We left Canada when I was 9 and moved to New Zealand.. Hamilton, North Island  for 3 years, then the Los Angeles area..

and on that... Goodnight.


----------



## editec

Doesn't matter where you're from, Lump.

What matters is what you do once you get here.


----------



## JBeukema

editec said:


> Doesn't matter where you're from, Lump.
> 
> What matters is what you do once you get here.


Immigration Act of 1924 - Wikipedia, the free encyclopedia







> Racial restrictions which previously existed were abolished in the  I.N.A., but a quota system was retained and the policy of restricting  the numbers of immigrants from certain countries was continued


Immigration and Nationality Act of 1952 - Wikipedia, the free encyclopedia



This wouldn't end 'til the hippies came along
Immigration and Nationality Act of 1965 - Wikipedia, the free encyclopedia


Are you an anti-american hippie leftist commmunoprogressive liberal?


----------



## Lumpy 1

editec said:


> Doesn't matter where you're from, Lump.
> 
> What matters is what you do once you get here.



Well.. I've sure paid a hell of a lot in taxes...


----------



## Toro

Lumpy 1 said:


> Yup .. London, Ontario
> 
> Eh.. just sick of seeing, "Canada is a..."



I once lived in London ON.  






Being born in Canada means you're super-damn-awesome!  Have some poutine on me, eh!


----------



## Lumpy 1

Toro said:


> Lumpy 1 said:
> 
> 
> 
> Yup .. London, Ontario
> 
> Eh.. just sick of seeing, "Canada is a..."
> 
> 
> 
> 
> I once lived in London ON.
> 
> 
> 
> 
> 
> 
> Being born in Canada means you're super-damn-awesome!  Have some poutine on me, eh!
Click to expand...


Lets see Northbrea Drive.. close to the elementary school.. I spent a lot of time around Kips Lane and the Thames River.


----------



## Ropey

Northern Saskatchewan bred and born.


----------



## Toro

Ropey said:


> Northern Saskatchewan bred and born.


----------



## Ropey

Toro said:


> Ropey said:
> 
> 
> 
> Northern Saskatchewan bred and born.
Click to expand...


The name for the province of Saskatchewan comes from the Cree, who called the Saskatchewan River "Kisiskatchewani Sipi," meaning swiftly flowing river.

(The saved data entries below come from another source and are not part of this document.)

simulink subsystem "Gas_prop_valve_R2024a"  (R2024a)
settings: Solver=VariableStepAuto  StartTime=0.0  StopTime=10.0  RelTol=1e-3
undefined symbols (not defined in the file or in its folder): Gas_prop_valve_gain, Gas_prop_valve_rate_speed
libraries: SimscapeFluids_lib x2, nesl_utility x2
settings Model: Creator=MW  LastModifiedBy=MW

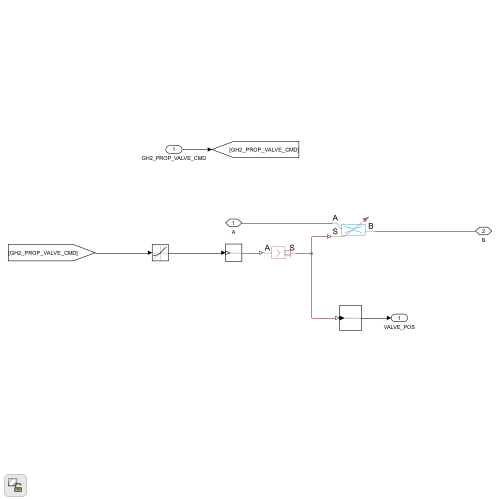
[thumbnail: Simulink's stored preview of the top-level diagram]
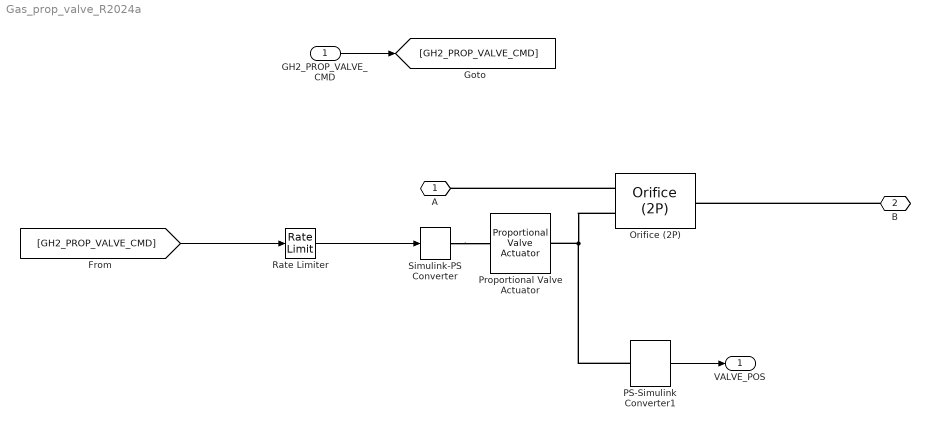
== system Gas_prop_valve_R2024a ==
  GH2_PROP_VALVE_CMD : Inport
  Orifice (2P) : SimscapeFluids_lib/Two-Phase Fluid/Valves & Orifices/Orifice (2P)  orifice_type=foundation.enum.constant_variable.variable  constant_liquid_orifice_parameterization=fluids.two_phase_fluid.valves_orifices.enum.LiquidConstantOrificeParameterization.Area  variable_liquid_orifice_parameterization=fluids.two_phase_fluid.valves_orifices.enum.LiquidOrificeParameterization.LinearArea  mdot_nominal_constant=0.1 kg/s  delta_p_nominal_constant=0.001 MPa  orifice_area_constant=1e-4 m^2  S_min=0 m  del_S=Gas_prop_valve_stroke m  open_orientation=fluids.two_phase_fluid.valves_orifices.enum.OrificeOrientation.Positive  mdot_nominal_max=0.1 kg/s  delta_p_nominal_max=0.001 MPa  orifice_area_max=Gas_prop_valve_orifice_area m^2  S_TLU=[0, .002, .004, .007, .017] m  orifice_area_TLU=[1e-10, 2e-05, 4e-05, 6e-05, 8e-05, .0001] m^2  energy_spec=foundation.enum.energy_spec.temperature  p_inlet=0.101325 MPa  T_inlet=293.15 K  x_inlet=0  alpha_inlet=0  h_inlet=400 kJ/kg  u_inlet=400 kJ/kg  Cd=Gas_prop_valve_discharge_coeff  pressure_recovery=false  leakage_fraction=Gas_prop_valve_leakage  smoothing_factor=0.01  B_lam=Gas_prop_valve_laminar_p_ratio  tau_x=0.1 s  area=supply_pipe_inner_area m^2  vapor_orifice_parameterization=fluids.two_phase_fluid.valves_orifices.enum.VaporOrificeParameterization.Cv  opening_characteristic=fluids.two_phase_fluid.valves_orifices.enum.OpeningCharacteristics.Linear  Cv_constant=4  Cv_max=4  S_Cv_TLU=[0, .003, .006, .009, .012, .015] m  Cv_TLU=[1e-06, .8, 1.6, 2.4, 3.2, 4]  xT_Cv=0.7  Kv_constant=3.6  Kv_max=3.6  S_Kv_TLU=[0, .003, .006, .009, .012, .015] m  Kv_TLU=[1e-06, .72, 1.44, 2.16, 2.88, 3.6]  xT_Kv=0.7  S_orifice_area_TLU=[0, .003, .006, .009, .012, .015] m
      settings: InternalSimscapePortConfiguration="{\"Bottom\":[],\"Left\":[{\"id\":\"A\",\"label\":\"A\",\"type\":\"foundation.two_phase_fluid.two_phase_fluid\"},{\"id\":\"S\",\"label\":\"S\",\"type\":\"input\"}],\"Right\":[{\"id\":\"B\",\"label\":\"B\",\"type\":\"foundation.two_phase_fluid.two_phase_fluid\"}],\"Top\":[]}"
  PS-Simulink Converter1 : nesl_utility/PS-Simulink Converter  PhysicalDomain=network_engine_domain  SubClassName=ps_output  LeftPortType=input  RightPortType=output  PseudoPeriodic=off  Frequencies=[]  VectorFormat=inherit  Unit=inherit  AffineConversion=off
  Proportional Valve Actuator : SimscapeFluids_lib/Valve Actuators/Proportional Valve Actuator  gain=Gas_prop_valve_gain m  time_constant=0.01 s  valve_stroke=Gas_prop_valve_stroke m
      settings: InternalSimscapePortConfiguration="{\"Bottom\":[],\"Left\":[{\"id\":\"A\",\"label\":\"A\",\"type\":\"input\"}],\"Right\":[{\"id\":\"S\",\"label\":\"S\",\"type\":\"output\"}],\"Top\":[]}"
  Rate Limiter : RateLimiter  RisingSlewLimit=Gas_prop_valve_rate_speed  FallingSlewLimit=-Gas_prop_valve_rate_speed  SampleTimeMode=inherited
  Simulink-PS Converter : nesl_utility/Simulink-PS Converter  PhysicalDomain=network_engine_domain  SubClassName=ps_input  LeftPortType=input  RightPortType=output  PseudoPeriodic=off  Frequencies=[]  NoiseDistribution=none  NoiseParameters=[]  Unit=1  AffineConversion=off  FilteringAndDerivatives=provide  SimscapeFilterOrder=1  InputFilterTimeConstant=0.001  UdotUserProvided=0
  A : PMIOPort  Side=Left
  B : PMIOPort  Port=2  Side=Left
  VALVE_POS : Outport
  wires:
  GH2_PROP_VALVE_CMD/1 -> [GH2_PROP_VALVE_CMD]
  PS-Simulink Converter1/1 -> VALVE_POS/1
  [GH2_PROP_VALVE_CMD] -> Rate Limiter/1
  Rate Limiter/1 -> Simulink-PS Converter/1
  connections:
  PS-Simulink Converter1/LConn1 -- Orifice (2P)/LConn2 -- Proportional Valve Actuator/RConn1
  B/RConn1 -- Orifice (2P)/RConn1
  Orifice (2P)/LConn1 -- A/RConn1
  Simulink-PS Converter/RConn1 -- Proportional Valve Actuator/LConn1
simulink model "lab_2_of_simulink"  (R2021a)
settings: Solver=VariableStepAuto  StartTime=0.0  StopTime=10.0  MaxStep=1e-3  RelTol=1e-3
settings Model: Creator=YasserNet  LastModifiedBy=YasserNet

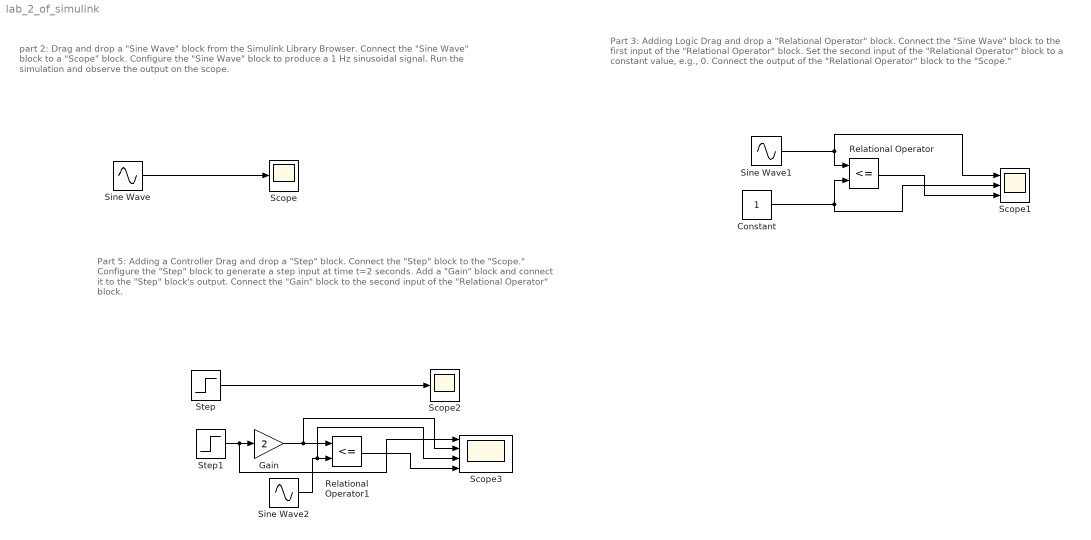
== system lab_2_of_simulink ==
  note: Part 5: Adding a Controller
      |
      | Drag and drop a "Step" block.
      | Connect the "Step" block to the "Scope."
      | Configure the "Step" block to generate a step input at time t=2 seconds.
      | Add a "Gain" block and connect it to the "Step" block's output.
      | Connect the "Gain" block to the second input of the "Relational Operator" block.
  note: Part 3: Adding Logic
      |
      | Drag and drop a "Relational Operator" block.
      | Connect the "Sine Wave" block to the first input of the "Relational Operator" block.
      | Set the second input of the "Relational Operator" block to a constant value, e.g., 0.
      | Connect the output of the "Relational Operator" block to the "Scope."
  note: part 2:
      | Drag and drop a "Sine Wave" block from the Simulink Library Browser.
      | Connect the "Sine Wave" block to a "Scope" block.
      | Configure the "Sine Wave" block to produce a 1 Hz sinusoidal signal.
      | Run the simulation and observe the output on the scope.
  Constant : Constant
  Gain : Gain  Gain=2
  Relational Operator : RelationalOperator  Operator=<=  OutDataTypeStr=boolean  RndMeth=Simplest
  Relational Operator1 : RelationalOperator  Operator=<=  OutDataTypeStr=boolean  RndMeth=Simplest
  Scope : Scope
  Scope1 : Scope  NumInputPorts=3
  Scope2 : Scope
  Scope3 : Scope  NumInputPorts=4
  Sine Wave : Sin  Amplitude=5  Frequency=2*pi  SampleTime=0
  Sine Wave1 : Sin  Amplitude=5  Frequency=2*pi  SampleTime=0
  Sine Wave2 : Sin  Frequency=2*pi  SampleTime=0
  Step : Step  Time=2  SampleTime=0
  Step1 : Step  Time=2  SampleTime=0
  wires:
  Sine Wave/1 -> Scope/1
  Relational Operator/1 -> Scope1/3
  Sine Wave1/1 -> Relational Operator/1, Scope1/1
  Constant/1 -> Relational Operator/2, Scope1/2
  Step/1 -> Scope2/1
  Gain/1 -> Scope3/2, Relational Operator1/1
  Sine Wave2/1 -> Scope3/3, Relational Operator1/2
  Step1/1 -> Scope3/1, Gain/1
  Relational Operator1/1 -> Scope3/4

And our famous "Saskatchewan Army":


----------



## Madeline

I cannot post this often enough.....


----------



## Ropey

Madeline said:


> I cannot post this often enough.



Yes, you can and have. (imho)


----------



## ginscpy

Lumpy 1 said:


> Toro said:
> 
> 
> 
> 
> 
> Lumpy 1 said:
> 
> 
> 
> Yup .. London, Ontario
> 
> Eh.. just sick of seeing, "Canada is a..."
> 
> 
> 
> 
> I once lived in London ON.
> 
> 
> 
> 
> 
> 
> Being born in Canada means you're super-damn-awesome!  Have some poutine on me, eh!
> 
> 
> 
> 
> 
> Click to expand...
> 
> 
> Lets see Northbrea Drive.. close to the elementary school.. I spent a lot of time around Kips Lane and the Thames River.
Click to expand...


About that sign:  they can't even get that right.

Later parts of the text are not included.